The task ▸
Copy out each line of the material in which the word "layers" appears.

====== Data shown ======

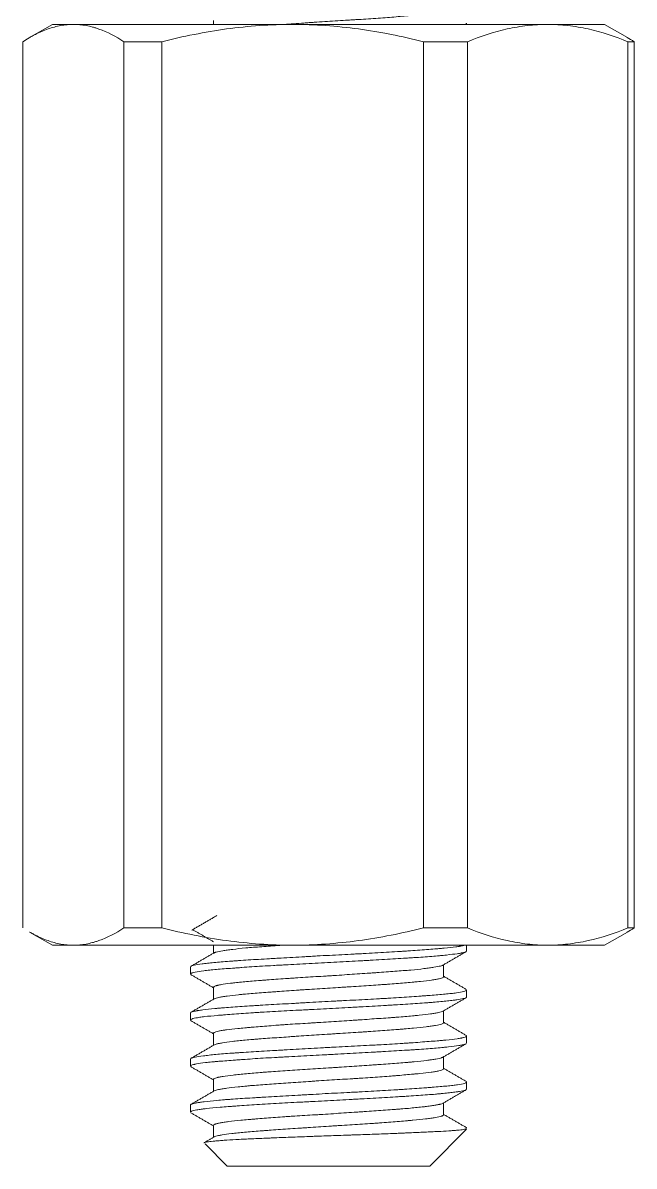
# Model space of a CAD drawing. Extents: x 10469 to 11055, y -15402 to -14985.
# Drawn here: x 10530.72 to 10544, y -15329.92 to -15305.08 of the extents above; entities that cross this region are included whole.
import ezdxf

# ---------------------------------------------------------------- set-up
doc = ezdxf.new("R2010")
doc.units = 0
doc.header["$MEASUREMENT"] = 0
doc.linetypes.add('HIDDEN2', pattern=[4.7625, 3.175, -1.5875])
doc.layers.get('0').update_dxf_attribs({"linetype": 'CONTINUOUS'})
doc.layers.add('1', color=4, linetype='HIDDEN2')

# ---------------------------------------------------------------- blocks, each defined once
blk = doc.blocks.new('9899FF')
at = {"layer": '1', "color": 7, "linetype": 'Continuous', "lineweight": 18}
for p, q in [((4700.88, -494.183), (4700.88, -494.267)), ((4697.38, -494.267), (4696.885, -494.553)), ((4697.38, -494.267), (4709.38, -494.267)), ((4706.38, -494.267), (4706.38, -494.239)), ((4709.876, -494.553), (4709.38, -494.267)), ((4696.74, -513.891), (4696.74, -494.642)), ((4698.936, -513.891), (4698.936, -494.642)), ((4699.756, -494.642), (4698.936, -494.642)), ((4699.756, -513.891), (4699.756, -494.642)), ((4706.397, -494.642), (4705.443, -494.642)), ((4705.443, -513.891), (4705.443, -494.642)), ((4706.397, -513.891), (4706.397, -494.642)), ((4710.021, -494.642), (4709.887, -494.642)), ((4709.887, -513.891), (4709.887, -494.642)), ((4710.021, -513.891), (4710.021, -494.642)), ((4696.885, -513.981), (4697.38, -514.267)), ((4699.756, -513.891), (4698.936, -513.891)), ((4706.397, -513.891), (4705.443, -513.891)), ((4709.38, -514.267), (4709.876, -513.981)), ((4710.021, -513.891), (4709.887, -513.891)), ((4697.838, -514.267), (4697.38, -514.267)), ((4697.838, -514.267), (4702.599, -514.267)), ((4700.88, -514.267), (4700.88, -514.442)), ((4702.599, -514.267), (4708.142, -514.267)), ((4706.38, -514.394), (4706.38, -514.267)), ((4708.142, -514.267), (4709.38, -514.267)), ((4700.38, -514.739), (4700.38, -514.894)), ((4705.88, -514.95), (4705.88, -514.692)), ((4700.88, -515.183), (4700.88, -515.441)), ((4706.38, -515.394), (4706.38, -515.239)), ((4700.38, -515.739), (4700.38, -515.895)), ((4705.88, -515.951), (4705.88, -515.692)), ((4700.88, -516.183), (4700.88, -516.442)), ((4706.38, -516.394), (4706.38, -516.239)), ((4700.38, -516.739), (4700.38, -516.894)), ((4705.88, -516.95), (4705.88, -516.692)), ((4700.88, -517.183), (4700.88, -517.441)), ((4706.38, -517.395), (4706.38, -517.239)), ((4700.38, -517.739), (4700.38, -517.894)), ((4705.88, -517.951), (4705.88, -517.692)), ((4700.88, -518.183), (4700.88, -518.441)), ((4705.58, -519.067), (4706.38, -518.267)), ((4706.38, -518.267), (4706.337, -518.267)), ((4700.698, -518.585), (4701.18, -519.067)), ((4701.18, -519.067), (4703.38, -519.067)), ((4703.38, -519.067), (4705.58, -519.067))]:
    blk.add_line(p, q, dxfattribs=at)
for points, knots in [([(4702.37, -494.268), (4702.385, -494.267), (4702.399, -494.266), (4702.553, -494.255), (4702.697, -494.245), (4702.883, -494.233), (4702.921, -494.23), (4702.996, -494.225), (4703.034, -494.223), (4703.147, -494.215), (4703.223, -494.21), (4703.45, -494.195), (4703.601, -494.186), (4703.79, -494.174), (4703.828, -494.172), (4703.903, -494.167), (4703.94, -494.165), (4704.05, -494.158), (4704.196, -494.149), (4704.336, -494.139), (4704.475, -494.13), (4704.543, -494.125), (4704.743, -494.11), (4704.867, -494.1), (4705.041, -494.085), (4705.097, -494.08), (4705.178, -494.072), (4705.204, -494.07), (4705.255, -494.065), (4705.28, -494.063), (4705.402, -494.051), (4705.488, -494.042), (4705.599, -494.028), (4705.641, -494.022), (4705.679, -494.016), (4705.694, -494.014), (4705.701, -494.012), (4705.722, -494.009), (4705.735, -494.006), (4705.796, -493.994), (4705.832, -493.984), (4705.865, -493.969), (4705.872, -493.964), (4705.878, -493.957), (4705.878, -493.956), (4705.88, -493.954), (4705.88, -493.952), (4705.88, -493.951), (4705.88, -493.951), (4705.88, -493.95)], [0, 0, 0, 0, 0.009559, 0.009559, 0.101471, 0.101471, 0.124448, 0.124448, 0.147426, 0.147426, 0.193382, 0.193382, 0.285294, 0.285294, 0.308272, 0.308272, 0.33125, 0.33125, 0.377206, 0.423162, 0.423162, 0.469118, 0.469118, 0.561029, 0.561029, 0.606985, 0.606985, 0.629963, 0.629963, 0.652941, 0.652941, 0.744853, 0.744853, 0.790809, 0.802298, 0.802298, 0.813787, 0.813787, 0.836765, 0.836765, 0.928676, 0.928676, 0.974632, 0.974632, 0.986121, 0.986121, 0.99761, 0.99761, 1, 1, 1, 1]), ([(4697.838, -494.267), (4697.746, -494.267), (4697.654, -494.275), (4697.47, -494.308), (4697.378, -494.333), (4697.195, -494.397), (4697.103, -494.437), (4696.989, -494.495), (4696.966, -494.507), (4696.92, -494.532), (4696.852, -494.571), (4696.784, -494.613), (4696.74, -494.642)], [0, 0, 0, 0, 0.25, 0.25, 0.5, 0.5, 0.75, 0.75, 0.8125, 0.8125, 0.875, 1, 1, 1, 1]), ([(4697.838, -494.267), (4697.93, -494.267), (4698.022, -494.275), (4698.161, -494.3), (4698.207, -494.31), (4698.277, -494.329), (4698.3, -494.336), (4698.346, -494.35), (4698.554, -494.419), (4698.758, -494.526), (4698.936, -494.642)], [0, 0, 0, 0, 0.25, 0.25, 0.375, 0.375, 0.4375, 0.4375, 0.5, 1, 1, 1, 1]), ([(4702.599, -494.267), (4702.361, -494.267), (4702.122, -494.275), (4701.643, -494.308), (4701.404, -494.333), (4700.692, -494.43), (4700.222, -494.525), (4699.756, -494.642)], [0, 0, 0, 0, 0.25, 0.25, 0.5, 0.5, 1, 1, 1, 1]), ([(4705.443, -494.642), (4704.974, -494.524), (4704.503, -494.43), (4703.793, -494.333), (4703.555, -494.308), (4703.079, -494.275), (4702.839, -494.267), (4702.599, -494.267)], [0, 0, 0, 0, 0.5, 0.5, 0.75, 0.75, 1, 1, 1, 1]), ([(4706.336, -494.267), (4706.35, -494.262), (4706.372, -494.253), (4706.38, -494.243), (4706.38, -494.239)], [0, 0, 0, 0, 0.483333, 1, 1, 1, 1]), ([(4708.142, -494.267), (4707.996, -494.267), (4707.849, -494.275), (4707.555, -494.308), (4707.408, -494.333), (4706.971, -494.43), (4706.683, -494.525), (4706.397, -494.642)], [0, 0, 0, 0, 0.25, 0.25, 0.5, 0.5, 1, 1, 1, 1]), ([(4709.887, -494.642), (4709.599, -494.524), (4709.31, -494.43), (4708.874, -494.333), (4708.728, -494.308), (4708.436, -494.275), (4708.289, -494.267), (4708.142, -494.267)], [0, 0, 0, 0, 0.5, 0.5, 0.75, 0.75, 1, 1, 1, 1]), ([(4697.838, -514.267), (4697.746, -514.267), (4697.654, -514.258), (4697.47, -514.225), (4697.378, -514.201), (4697.195, -514.136), (4697.103, -514.096), (4696.989, -514.038), (4696.966, -514.026), (4696.927, -514.004), (4696.91, -513.995), (4696.893, -513.986)], [0, 0, 0, 0, 0.291365, 0.291365, 0.582729, 0.582729, 0.874094, 0.874094, 0.946935, 0.946935, 1, 1, 1, 1]), ([(4697.838, -514.267), (4697.93, -514.267), (4698.022, -514.258), (4698.161, -514.233), (4698.207, -514.223), (4698.277, -514.204), (4698.3, -514.198), (4698.346, -514.183), (4698.554, -514.114), (4698.758, -514.007), (4698.936, -513.891)], [0, 0, 0, 0, 0.25, 0.25, 0.375, 0.375, 0.4375, 0.4375, 0.5, 1, 1, 1, 1]), ([(4702.599, -514.267), (4702.361, -514.267), (4702.122, -514.258), (4701.643, -514.225), (4701.404, -514.2), (4700.692, -514.103), (4700.222, -514.008), (4699.756, -513.891)], [0, 0, 0, 0, 0.25, 0.25, 0.5, 0.5, 1, 1, 1, 1]), ([(4705.443, -513.891), (4704.974, -514.009), (4704.503, -514.104), (4703.793, -514.2), (4703.555, -514.225), (4703.079, -514.258), (4702.839, -514.267), (4702.599, -514.267)], [0, 0, 0, 0, 0.5, 0.5, 0.75, 0.75, 1, 1, 1, 1]), ([(4708.142, -514.267), (4707.996, -514.267), (4707.849, -514.258), (4707.555, -514.225), (4707.408, -514.2), (4706.971, -514.103), (4706.683, -514.008), (4706.397, -513.891)], [0, 0, 0, 0, 0.25, 0.25, 0.5, 0.5, 1, 1, 1, 1]), ([(4709.887, -513.891), (4709.599, -514.009), (4709.31, -514.104), (4708.874, -514.2), (4708.728, -514.225), (4708.436, -514.258), (4708.289, -514.267), (4708.142, -514.267)], [0, 0, 0, 0, 0.5, 0.5, 0.75, 0.75, 1, 1, 1, 1]), ([(4700.397, -514.722), (4700.401, -514.72), (4700.406, -514.718), (4700.425, -514.712), (4700.441, -514.707), (4700.504, -514.694), (4700.56, -514.684), (4700.65, -514.673), (4700.669, -514.67), (4700.709, -514.665), (4700.73, -514.663), (4700.795, -514.656), (4700.842, -514.651), (4700.991, -514.636), (4701.104, -514.626), (4701.261, -514.614), (4701.293, -514.611), (4701.359, -514.607), (4701.392, -514.604), (4701.494, -514.597), (4701.564, -514.593), (4701.782, -514.579), (4701.936, -514.57), (4702.141, -514.558), (4702.182, -514.556), (4702.265, -514.551), (4702.307, -514.549), (4702.433, -514.542), (4702.603, -514.532), (4702.777, -514.522), (4702.909, -514.514), (4702.954, -514.512), (4703.043, -514.507), (4703.088, -514.504), (4703.223, -514.497), (4703.312, -514.492), (4703.491, -514.483), (4703.669, -514.473), (4703.846, -514.464), (4703.979, -514.458), (4704.023, -514.455), (4704.089, -514.452), (4704.111, -514.451), (4704.154, -514.449), (4704.176, -514.447), (4704.371, -514.437), (4704.537, -514.428), (4704.778, -514.413), (4704.857, -514.409), (4704.953, -514.402), (4704.972, -514.401), (4705.01, -514.399), (4705.029, -514.397), (4705.085, -514.394), (4705.122, -514.391), (4705.303, -514.379), (4705.436, -514.369), (4705.621, -514.355), (4705.679, -514.35), (4705.749, -514.345), (4705.763, -514.343), (4705.79, -514.341), (4705.83, -514.338), (4705.868, -514.334), (4705.991, -514.323), (4706.074, -514.314), (4706.161, -514.302), (4706.186, -514.298), (4706.209, -514.295), (4706.224, -514.292), (4706.231, -514.291), (4706.265, -514.285), (4706.289, -514.28), (4706.319, -514.272), (4706.329, -514.269), (4706.338, -514.266)], [0, 0, 0, 0, 0.01325, 0.01325, 0.0445, 0.0445, 0.107, 0.107, 0.122625, 0.122625, 0.13825, 0.13825, 0.1695, 0.1695, 0.232, 0.232, 0.247625, 0.247625, 0.26325, 0.26325, 0.2945, 0.2945, 0.357, 0.357, 0.372625, 0.372625, 0.38825, 0.38825, 0.4195, 0.45075, 0.45075, 0.466375, 0.466375, 0.482, 0.482, 0.51325, 0.51325, 0.5445, 0.57575, 0.57575, 0.591375, 0.591375, 0.599187, 0.599187, 0.607, 0.607, 0.6695, 0.6695, 0.70075, 0.70075, 0.708562, 0.708562, 0.716375, 0.716375, 0.732, 0.732, 0.7945, 0.7945, 0.82575, 0.82575, 0.833562, 0.833562, 0.841375, 0.857, 0.857, 0.9195, 0.9195, 0.935125, 0.942938, 0.942938, 0.95075, 0.95075, 0.982, 0.982, 1, 1, 1, 1]), ([(4700.9, -514.43), (4700.901, -514.43), (4700.901, -514.43), (4700.907, -514.427), (4700.913, -514.425), (4700.923, -514.421), (4700.926, -514.42), (4700.934, -514.418), (4700.938, -514.417), (4700.976, -514.406), (4701.023, -514.397), (4701.112, -514.382), (4701.145, -514.378), (4701.2, -514.37), (4701.219, -514.368), (4701.258, -514.363), (4701.279, -514.36), (4701.384, -514.348), (4701.479, -514.337), (4701.637, -514.323), (4701.692, -514.318), (4701.808, -514.309), (4701.868, -514.304), (4702.054, -514.29), (4702.184, -514.281), (4702.356, -514.269), (4702.391, -514.266), (4702.433, -514.263), (4702.44, -514.263), (4702.446, -514.263)], [0, 0, 0, 0, 0.004806, 0.004806, 0.047732, 0.047732, 0.069195, 0.069195, 0.090658, 0.090658, 0.262362, 0.262362, 0.348213, 0.348213, 0.391139, 0.391139, 0.434065, 0.434065, 0.605769, 0.605769, 0.69162, 0.69162, 0.777472, 0.777472, 0.949176, 0.949176, 0.992102, 0.992102, 1, 1, 1, 1]), ([(4706.368, -514.409), (4706.359, -514.414), (4706.345, -514.419), (4706.318, -514.426), (4706.304, -514.43), (4706.288, -514.433), (4706.276, -514.435), (4706.27, -514.436), (4706.239, -514.442), (4706.21, -514.447), (4706.114, -514.461), (4706.035, -514.47), (4705.918, -514.483), (4705.894, -514.485), (4705.856, -514.489), (4705.843, -514.49), (4705.817, -514.493), (4705.751, -514.499), (4705.681, -514.505), (4705.562, -514.515), (4705.5, -514.52), (4705.37, -514.529), (4705.302, -514.534), (4705.196, -514.54), (4705.16, -514.543), (4705.086, -514.547), (4705.049, -514.55), (4704.936, -514.556), (4704.859, -514.561), (4704.622, -514.575), (4704.458, -514.584), (4704.243, -514.597), (4704.199, -514.599), (4704.112, -514.604), (4704.069, -514.607), (4703.938, -514.614), (4703.762, -514.624), (4703.584, -514.634), (4703.405, -514.644), (4703.316, -514.648), (4703.045, -514.662), (4702.868, -514.671), (4702.607, -514.685), (4702.522, -514.689), (4702.394, -514.696), (4702.352, -514.699), (4702.268, -514.703), (4702.226, -514.706), (4702.019, -514.718), (4701.862, -514.727), (4701.64, -514.742), (4701.568, -514.747), (4701.463, -514.754), (4701.429, -514.757), (4701.361, -514.762), (4701.328, -514.764), (4701.166, -514.776), (4701.05, -514.785), (4700.893, -514.799), (4700.844, -514.803), (4700.775, -514.81), (4700.753, -514.813), (4700.711, -514.817), (4700.691, -514.82), (4700.594, -514.831), (4700.532, -514.841), (4700.462, -514.856), (4700.442, -514.861), (4700.423, -514.867), (4700.419, -514.868), (4700.412, -514.871), (4700.402, -514.875), (4700.395, -514.878), (4700.384, -514.885), (4700.381, -514.89), (4700.38, -514.894)], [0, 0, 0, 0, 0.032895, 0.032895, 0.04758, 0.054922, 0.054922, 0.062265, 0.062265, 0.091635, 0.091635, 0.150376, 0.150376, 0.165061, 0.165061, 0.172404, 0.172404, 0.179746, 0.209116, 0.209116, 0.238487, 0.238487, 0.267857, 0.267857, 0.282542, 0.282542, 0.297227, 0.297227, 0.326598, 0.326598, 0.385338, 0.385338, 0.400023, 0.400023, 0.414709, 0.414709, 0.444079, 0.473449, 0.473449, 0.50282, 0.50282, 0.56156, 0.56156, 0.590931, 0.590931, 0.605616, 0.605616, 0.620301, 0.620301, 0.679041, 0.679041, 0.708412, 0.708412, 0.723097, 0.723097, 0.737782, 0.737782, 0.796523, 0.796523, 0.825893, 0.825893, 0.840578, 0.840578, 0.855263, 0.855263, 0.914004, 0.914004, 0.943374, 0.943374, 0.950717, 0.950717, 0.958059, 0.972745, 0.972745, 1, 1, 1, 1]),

======

Answer to this exercise ▸
doc.layers.get('0').update_dxf_attribs({"linetype": 'CONTINUOUS'})
doc.layers.add('1', color=4, linetype='HIDDEN2')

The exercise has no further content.